(Dataset records)
**********
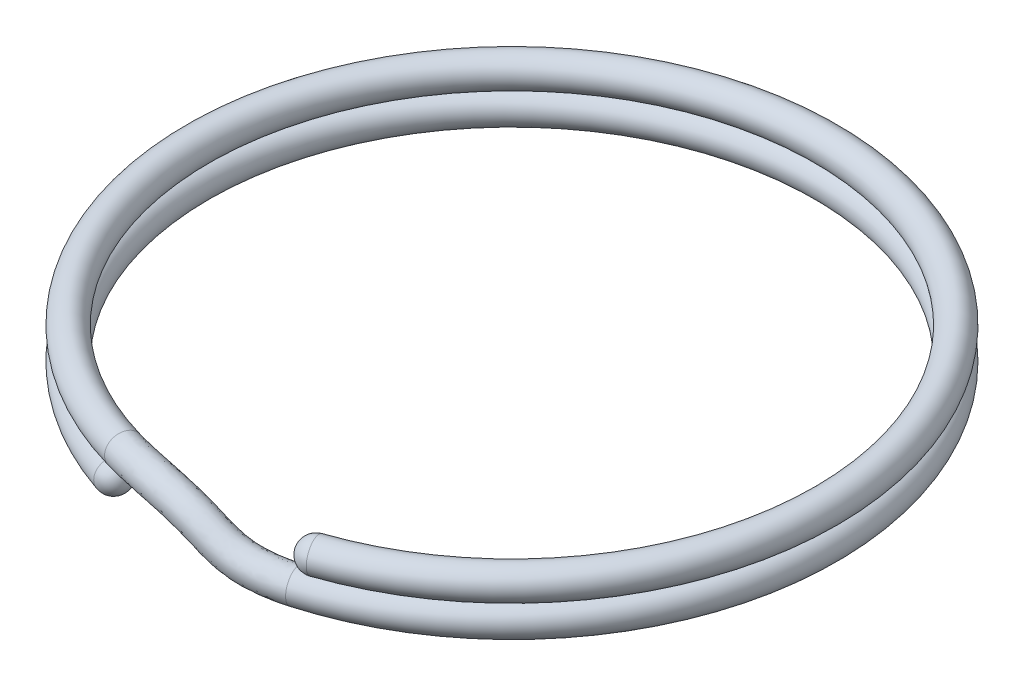
ISO-10303-21;
HEADER;
FILE_DESCRIPTION(('STEP AP214'),'2;1');
FILE_NAME('part.step','',(''),(''),'','','');
FILE_SCHEMA(('AUTOMOTIVE_DESIGN { 1 0 10303 214 1 1 1 1 }'));
ENDSEC;
DATA;
#1=APPLICATION_CONTEXT('core data for automotive mechanical design processes');
#2=APPLICATION_PROTOCOL_DEFINITION('international standard','automotive_design',2000,#1);
#3=PRODUCT_CONTEXT('',#1,'mechanical');
#4=PRODUCT('Part','Part','',(#3));
#5=PRODUCT_RELATED_PRODUCT_CATEGORY('part','',(#4));
#6=PRODUCT_DEFINITION_FORMATION('','',#4);
#7=PRODUCT_DEFINITION_CONTEXT('part definition',#1,'design');
#8=PRODUCT_DEFINITION('design','',#6,#7);
#9=PRODUCT_DEFINITION_SHAPE('','',#8);
#10=(LENGTH_UNIT() NAMED_UNIT(*) SI_UNIT(.MILLI.,.METRE.));
#11=(NAMED_UNIT(*) PLANE_ANGLE_UNIT() SI_UNIT($,.RADIAN.));
#12=(NAMED_UNIT(*) SI_UNIT($,.STERADIAN.) SOLID_ANGLE_UNIT());
#13=UNCERTAINTY_MEASURE_WITH_UNIT(LENGTH_MEASURE(1.E-05),#10,'distance_accuracy_value','');
#14=(GEOMETRIC_REPRESENTATION_CONTEXT(3) GLOBAL_UNCERTAINTY_ASSIGNED_CONTEXT((#13)) GLOBAL_UNIT_ASSIGNED_CONTEXT((#10,
#11,#12)) REPRESENTATION_CONTEXT('',''));
#15=CARTESIAN_POINT('',(0.,0.,0.));
#16=DIRECTION('',(0.,0.,1.));
#17=DIRECTION('',(1.,0.,0.));
#18=AXIS2_PLACEMENT_3D('',#15,#16,#17);
#19=CARTESIAN_POINT('',(0.,1.02197470450919,0.));
#20=DIRECTION('',(0.,1.,0.));
#21=DIRECTION('',(0.,0.,1.));
#22=AXIS2_PLACEMENT_3D('',#19,#20,#21);
#23=TOROIDAL_SURFACE('',#22,5.,0.25);
#24=CARTESIAN_POINT('',(1.61226854487482,1.02197470450919,4.73292617090181));
#25=DIRECTION('',(0.946585234180361,0.,-0.322453708974964));
#26=DIRECTION('',(-0.322453708974964,0.,-0.946585234180361));
#27=AXIS2_PLACEMENT_3D('',#24,#25,#26);
#28=CIRCLE('',#27,0.25);
#29=CARTESIAN_POINT('',(1.69288197211856,1.02197470450919,4.9695724794469));
#30=VERTEX_POINT('',#29);
#31=EDGE_CURVE('E47',#30,#30,#28,.T.);
#32=CARTESIAN_POINT('',(-1.37360563948689,1.02197470450919,4.80761973820412));
#33=DIRECTION('',(0.961523947640823,0.,0.274721127897378));
#34=DIRECTION('',(0.274721127897378,0.,-0.961523947640823));
#35=AXIS2_PLACEMENT_3D('',#32,#33,#34);
#36=CIRCLE('',#35,0.25);
#37=CARTESIAN_POINT('',(-1.44228592146123,1.02197470450919,5.04800072511432));
#38=VERTEX_POINT('',#37);
#39=EDGE_CURVE('E102',#38,#38,#36,.F.);
#40=CARTESIAN_POINT('',(0.,1.02197470450919,0.));
#41=DIRECTION('',(0.,1.,0.));
#42=DIRECTION('',(0.,0.,1.));
#43=AXIS2_PLACEMENT_3D('',#40,#41,#42);
#44=CIRCLE('',#43,5.25);
#45=EDGE_CURVE('',#30,#38,#44,.T.);
#46=ORIENTED_EDGE('',*,*,#31,.T.);
#47=ORIENTED_EDGE('',*,*,#39,.T.);
#48=ORIENTED_EDGE('',*,*,#45,.T.);
#49=ORIENTED_EDGE('',*,*,#45,.F.);
#50=EDGE_LOOP('',(#46,#48,#47,#49));
#51=FACE_BOUND('',#50,.T.);
#52=ADVANCED_FACE('F91',(#51),#23,.T.);
#53=CARTESIAN_POINT('',(1.30523929024365,0.545750641302031,4.56833751585274));
#54=CARTESIAN_POINT('',(1.19499197956864,0.545750620947194,4.5998367461877));
#55=CARTESIAN_POINT('',(1.08356870075468,0.547511426719057,4.62724060813213));
#56=CARTESIAN_POINT('',(0.860829966506423,0.562855843512958,4.67372210825403));
#57=CARTESIAN_POINT('',(0.749318834018425,0.576359853753287,4.69281950209857));
#58=CARTESIAN_POINT('',(0.529221588559903,0.622843187932349,4.72250774222021));
#59=CARTESIAN_POINT('',(0.425144672423402,0.664505687326749,4.73302662279305));
#60=CARTESIAN_POINT('',(0.217971365221759,0.758104352476063,4.74680391600613));
#61=CARTESIAN_POINT('',(0.114853102682621,0.810347934165325,4.75002291395165));
#62=CARTESIAN_POINT('',(-0.414281357048374,1.02335693614538,4.75065530588866));
#63=CARTESIAN_POINT('',(-0.873129588888239,1.02197476238104,4.69060896426955));
#64=CARTESIAN_POINT('',(-1.30492535751255,1.02197470450919,4.56723875129391));
#65=CARTESIAN_POINT('',(1.31835773881431,1.04346517652183,4.6142520858501));
#66=CARTESIAN_POINT('',(1.21218759958239,1.04346515888338,4.64458640504437));
#67=CARTESIAN_POINT('',(1.11039390158368,1.04528483130931,4.66916105029885));
#68=CARTESIAN_POINT('',(0.918838609027997,1.05848219022551,4.70900369413008));
#69=CARTESIAN_POINT('',(0.815494421070064,1.07262491662305,4.72589413535992));
#70=CARTESIAN_POINT('',(0.676379064604414,1.10199534682129,4.74466215644789));
#71=CARTESIAN_POINT('',(0.618907965322106,1.12530584953544,4.75084069597889));
#72=CARTESIAN_POINT('',(0.437364031354546,1.20732856764698,4.7630160987357));
#73=CARTESIAN_POINT('',(0.329682227566061,1.26253063919673,4.76747021249956));
#74=CARTESIAN_POINT('',(-0.340468621664347,1.53230363986677,4.76827736037946));
#75=CARTESIAN_POINT('',(-0.8730376727217,1.52197476244027,4.6906352449441));
#76=CARTESIAN_POINT('',(-1.30492535751255,1.52197470450919,4.56723875129391));
#77=CARTESIAN_POINT('',(1.45509043730081,0.99571330293614,5.09281653055285));
#78=CARTESIAN_POINT('',(1.33660101946356,0.995713283521694,5.12667064370418));
#79=CARTESIAN_POINT('',(1.22215474000979,0.997966240533553,5.15439410868158));
#80=CARTESIAN_POINT('',(1.00435621131253,1.01310734882474,5.19972613906813));
#81=CARTESIAN_POINT('',(0.887797378978256,1.02889451502838,5.21891818291807));
#82=CARTESIAN_POINT('',(0.720389694479609,1.06423980511147,5.24150233712548));
#83=CARTESIAN_POINT('',(0.649875619405719,1.09267811756931,5.24894456963454));
#84=CARTESIAN_POINT('',(0.447462210346295,1.18401185067543,5.2625012266167));
#85=CARTESIAN_POINT('',(0.331981721849685,1.24276115892972,5.2671543856556));
#86=CARTESIAN_POINT('',(-0.379720828543048,1.52925197863425,5.26801049446637));
#87=CARTESIAN_POINT('',(-0.961321693725626,1.52197476300259,5.18541908503965));
#88=CARTESIAN_POINT('',(-1.44228592146124,1.52197470450919,5.04800072511432));
#89=CARTESIAN_POINT('',(1.44197198873015,0.497998767716344,5.04690196055549));
#90=CARTESIAN_POINT('',(1.31940539944981,0.497998745585521,5.0819209848474));
#91=CARTESIAN_POINT('',(1.1953295391808,0.500192835943317,5.11247366651484));
#92=CARTESIAN_POINT('',(0.946347568790959,0.517481002112183,5.16444455319211));
#93=CARTESIAN_POINT('',(0.821621791926617,0.532629452158605,5.18584354965674));
#94=CARTESIAN_POINT('',(0.573232218435099,0.585087646222533,5.21934792289778));
#95=CARTESIAN_POINT('',(0.456112326507014,0.631877955360622,5.23113049644869));
#96=CARTESIAN_POINT('',(0.228069544213507,0.734787635504503,5.24628904388714));
#97=CARTESIAN_POINT('',(0.117152596966248,0.790578453898322,5.24970708710764));
#98=CARTESIAN_POINT('',(-0.453533563927088,1.02030527491286,5.25038843997578));
#99=CARTESIAN_POINT('',(-0.961413609892165,1.0219747629433,5.1853928043651));
#100=CARTESIAN_POINT('',(-1.44228592146124,1.02197470450919,5.04800072511432));
#101=CARTESIAN_POINT('',(1.42885354015948,0.000284232496548407,5.00098739055814));
#102=CARTESIAN_POINT('',(1.30220977943605,0.000284207649348043,5.03717132599061));
#103=CARTESIAN_POINT('',(1.1685043383518,0.00241943135308126,5.0705532243481));
#104=CARTESIAN_POINT('',(0.888338926269386,0.0218546553996218,5.12916296731608));
#105=CARTESIAN_POINT('',(0.755446204874978,0.0363643892888337,5.15276891639542));
#106=CARTESIAN_POINT('',(0.426074742390588,0.1059354873336,5.19719350867007));
#107=CARTESIAN_POINT('',(0.262349033608309,0.171077793151939,5.21331642326285));
#108=CARTESIAN_POINT('',(0.00867687808072008,0.285563420333575,5.23007686115757));
#109=CARTESIAN_POINT('',(-0.0976765279171897,0.338395748866921,5.23225978855968));
#110=CARTESIAN_POINT('',(-0.527346299311129,0.511358571191463,5.23276638548519));
#111=CARTESIAN_POINT('',(-0.961505526058703,0.521974762884007,5.18536652369055));
#112=CARTESIAN_POINT('',(-1.44228592146124,0.521974704509188,5.04800072511432));
#113=CARTESIAN_POINT('',(1.29212084167298,0.0480361060822352,4.52242294585538));
#114=CARTESIAN_POINT('',(1.17779635955488,0.0480360830110051,4.55508708733102));
#115=CARTESIAN_POINT('',(1.05674349992569,0.0497380221288082,4.58532016596542));
#116=CARTESIAN_POINT('',(0.80282132398485,0.0672294968004101,4.63844052237798));
#117=CARTESIAN_POINT('',(0.683143246966786,0.0800947908835253,4.65974486883722));
#118=CARTESIAN_POINT('',(0.382064112515392,0.143691029043405,4.70035332799252));
#119=CARTESIAN_POINT('',(0.231381379524697,0.203705525118052,4.7152125496072));
#120=CARTESIAN_POINT('',(-0.00142130091102861,0.308880137305148,4.73059173327657));
#121=CARTESIAN_POINT('',(-0.0999760222008198,0.358165229133922,4.73257561540374));
#122=CARTESIAN_POINT('',(-0.488094092432402,0.514410232424003,4.73303325139787));
#123=CARTESIAN_POINT('',(-0.873221505054778,0.521974762321815,4.69058268359499));
#124=CARTESIAN_POINT('',(-1.30492535751255,0.521974704509188,4.56723875129391));
#125=CARTESIAN_POINT('',(1.30523929024365,0.545750641302031,4.56833751585274));
#126=CARTESIAN_POINT('',(1.19499197956864,0.545750620947194,4.5998367461877));
#127=CARTESIAN_POINT('',(1.08356870075468,0.547511426719057,4.62724060813213));
#128=CARTESIAN_POINT('',(0.860829966506423,0.562855843512958,4.67372210825403));
#129=CARTESIAN_POINT('',(0.749318834018425,0.576359853753287,4.69281950209857));
#130=CARTESIAN_POINT('',(0.529221588559903,0.622843187932349,4.72250774222021));
#131=CARTESIAN_POINT('',(0.425144672423402,0.664505687326749,4.73302662279305));
#132=CARTESIAN_POINT('',(0.217971365221759,0.758104352476063,4.74680391600613));
#133=CARTESIAN_POINT('',(0.114853102682621,0.810347934165325,4.75002291395165));
#134=CARTESIAN_POINT('',(-0.414281357048374,1.02335693614538,4.75065530588866));
#135=CARTESIAN_POINT('',(-0.873129588888239,1.02197476238104,4.69060896426955));
#136=CARTESIAN_POINT('',(-1.30492535751255,1.02197470450919,4.56723875129391));
#137=(BOUNDED_SURFACE() B_SPLINE_SURFACE(3,3,((#53,#54,#55,#56,#57,#58,#59,#60,#61,#62,#63,#64),
(#65,#66,#67,#68,#69,#70,#71,#72,#73,#74,#75,#76),(#77,#78,#79,#80,#81,#82,#83,#84,#85,#86,#87,
#88),(#89,#90,#91,#92,#93,#94,#95,#96,#97,#98,#99,#100),(#101,#102,#103,#104,#105,#106,#107,
#108,#109,#110,#111,#112),(#113,#114,#115,#116,#117,#118,#119,#120,#121,#122,#123,#124),(#125,
#126,#127,#128,#129,#130,#131,#132,#133,#134,#135,#136)),.UNSPECIFIED.,.T.,.F.,
.F.) B_SPLINE_SURFACE_WITH_KNOTS((4,3,4),(4,2,2,2,2,4),(0.,0.5,1.),(0.,0.125,0.25,0.375,0.5,1.),
.UNSPECIFIED.) GEOMETRIC_REPRESENTATION_ITEM() RATIONAL_B_SPLINE_SURFACE(((1.,1.,1.,1.,1.,1.,1.,
1.,1.,1.,1.,1.),(0.333333333333333,0.333333333333333,0.333333333333333,0.333333333333333,
0.333333333333333,0.333333333333333,0.333333333333333,0.333333333333333,0.333333333333333,
0.333333333333333,0.333333333333333,0.333333333333333),(0.333333333333333,0.333333333333333,
0.333333333333333,0.333333333333333,0.333333333333333,0.333333333333333,0.333333333333333,
0.333333333333333,0.333333333333333,0.333333333333333,0.333333333333333,0.333333333333333),(1.,
1.,1.,1.,1.,1.,1.,1.,1.,1.,1.,1.),(0.333333333333333,0.333333333333333,0.333333333333333,
0.333333333333333,0.333333333333333,0.333333333333333,0.333333333333333,0.333333333333333,
0.333333333333333,0.333333333333333,0.333333333333333,0.333333333333333),(0.333333333333333,
0.333333333333333,0.333333333333333,0.333333333333333,0.333333333333333,0.333333333333333,
0.333333333333333,0.333333333333333,0.333333333333333,0.333333333333333,0.333333333333333,
0.333333333333333),(1.,1.,1.,1.,1.,1.,1.,1.,1.,1.,1.,1.))) REPRESENTATION_ITEM('') SURFACE());
#138=CARTESIAN_POINT('',(1.3736056394869,0.521874704509188,4.80761973820412));
#139=DIRECTION('',(0.961523947640824,0.,-0.274721127897374));
#140=DIRECTION('',(-0.273465396973001,0.0955037471713734,-0.957128889405511));
#141=AXIS2_PLACEMENT_3D('',#138,#139,#140);
#142=CIRCLE('',#141,0.25);
#143=CARTESIAN_POINT('',(1.44228592146124,0.521874704509188,5.04800072511432));
#144=VERTEX_POINT('',#143);
#145=EDGE_CURVE('E106',#144,#144,#142,.T.);
#146=ORIENTED_EDGE('',*,*,#39,.F.);
#147=EDGE_LOOP('',(#146));
#148=FACE_BOUND('',#147,.T.);
#149=ORIENTED_EDGE('',*,*,#145,.F.);
#150=EDGE_LOOP('',(#149));
#151=FACE_BOUND('',#150,.T.);
#152=ADVANCED_FACE('F114',(#148,#151),#137,.F.);
#153=CARTESIAN_POINT('',(0.,0.521874704509188,0.));
#154=DIRECTION('',(0.,1.,0.));
#155=DIRECTION('',(0.,0.,1.));
#156=AXIS2_PLACEMENT_3D('',#153,#154,#155);
#157=TOROIDAL_SURFACE('',#156,5.,0.25);
#158=CARTESIAN_POINT('',(-1.61226854487482,0.521874704509188,4.73292617090181));
#159=DIRECTION('',(0.946585234180361,0.,0.322453708974964));
#160=DIRECTION('',(0.322453708974964,0.,-0.946585234180361));
#161=AXIS2_PLACEMENT_3D('',#158,#159,#160);
#162=CIRCLE('',#161,0.25);
#163=CARTESIAN_POINT('',(-1.69288197211856,0.521874704509188,4.9695724794469));
#164=VERTEX_POINT('',#163);
#165=EDGE_CURVE('E98',#164,#164,#162,.F.);
#166=CARTESIAN_POINT('',(0.,0.521874704509188,0.));
#167=DIRECTION('',(0.,1.,0.));
#168=DIRECTION('',(0.,0.,1.));
#169=AXIS2_PLACEMENT_3D('',#166,#167,#168);
#170=CIRCLE('',#169,5.25);
#171=EDGE_CURVE('',#144,#164,#170,.T.);
#172=ORIENTED_EDGE('',*,*,#145,.T.);
#173=ORIENTED_EDGE('',*,*,#165,.T.);
#174=ORIENTED_EDGE('',*,*,#171,.T.);
#175=ORIENTED_EDGE('',*,*,#171,.F.);
#176=EDGE_LOOP('',(#172,#174,#173,#175));
#177=FACE_BOUND('',#176,.T.);
#178=ADVANCED_FACE('F112',(#177),#157,.T.);
#179=CARTESIAN_POINT('',(-1.61226854487482,0.521874704509188,4.73292617090181));
#180=DIRECTION('',(0.961523947640823,0.,0.274721127897378));
#181=DIRECTION('',(0.274721127897378,0.,-0.961523947640823));
#182=AXIS2_PLACEMENT_3D('',#179,#180,#181);
#183=SPHERICAL_SURFACE('',#182,0.25);
#184=CARTESIAN_POINT('',(-1.61226854487482,0.521874704509188,4.73292617090181));
#185=DIRECTION('',(0.946585234180361,0.,0.322453708974964));
#186=DIRECTION('',(0.322453708974964,0.,-0.946585234180361));
#187=AXIS2_PLACEMENT_3D('',#184,#185,#186);
#188=SPHERICAL_SURFACE('',#187,0.25);
#189=ORIENTED_EDGE('',*,*,#165,.F.);
#190=EDGE_LOOP('',(#189));
#191=FACE_BOUND('',#190,.T.);
#192=ADVANCED_FACE('F122',(#191),#188,.T.);
#193=CARTESIAN_POINT('',(1.61226854487482,1.02197470450919,4.73292617090181));
#194=DIRECTION('',(-0.961523947640823,0.,0.274721127897378));
#195=DIRECTION('',(0.274721127897378,0.,0.961523947640823));
#196=AXIS2_PLACEMENT_3D('',#193,#194,#195);
#197=SPHERICAL_SURFACE('',#196,0.25);
#198=CARTESIAN_POINT('',(1.61226854487482,1.02197470450919,4.73292617090181));
#199=DIRECTION('',(0.946585234180361,0.,-0.322453708974964));
#200=DIRECTION('',(-0.322453708974964,0.,-0.946585234180361));
#201=AXIS2_PLACEMENT_3D('',#198,#199,#200);
#202=SPHERICAL_SURFACE('',#201,0.25);
#203=ORIENTED_EDGE('',*,*,#31,.F.);
#204=EDGE_LOOP('',(#203));
#205=FACE_BOUND('',#204,.T.);
#206=ADVANCED_FACE('F93',(#205),#202,.T.);
#207=CLOSED_SHELL('',(#52,#152,#178,#192,#206));
#208=MANIFOLD_SOLID_BREP('B6',#207);
#209=ADVANCED_BREP_SHAPE_REPRESENTATION('',(#18,#208),#14);
#210=SHAPE_DEFINITION_REPRESENTATION(#9,#209);
ENDSEC;
END-ISO-10303-21;
**********
Work item:
Print precisely the lines from the one with "#197=SPHERICAL_SURFACE('',#196,0.25);" through the end of the data above, adding nothing.

Written answer:
#197=SPHERICAL_SURFACE('',#196,0.25);
#198=CARTESIAN_POINT('',(1.61226854487482,1.02197470450919,4.73292617090181));
#199=DIRECTION('',(0.946585234180361,0.,-0.322453708974964));
#200=DIRECTION('',(-0.322453708974964,0.,-0.946585234180361));
#201=AXIS2_PLACEMENT_3D('',#198,#199,#200);
#202=SPHERICAL_SURFACE('',#201,0.25);
#203=ORIENTED_EDGE('',*,*,#31,.F.);
#204=EDGE_LOOP('',(#203));
#205=FACE_BOUND('',#204,.T.);
#206=ADVANCED_FACE('F93',(#205),#202,.T.);
#207=CLOSED_SHELL('',(#52,#152,#178,#192,#206));
#208=MANIFOLD_SOLID_BREP('B6',#207);
#209=ADVANCED_BREP_SHAPE_REPRESENTATION('',(#18,#208),#14);
#210=SHAPE_DEFINITION_REPRESENTATION(#9,#209);
ENDSEC;
END-ISO-10303-21;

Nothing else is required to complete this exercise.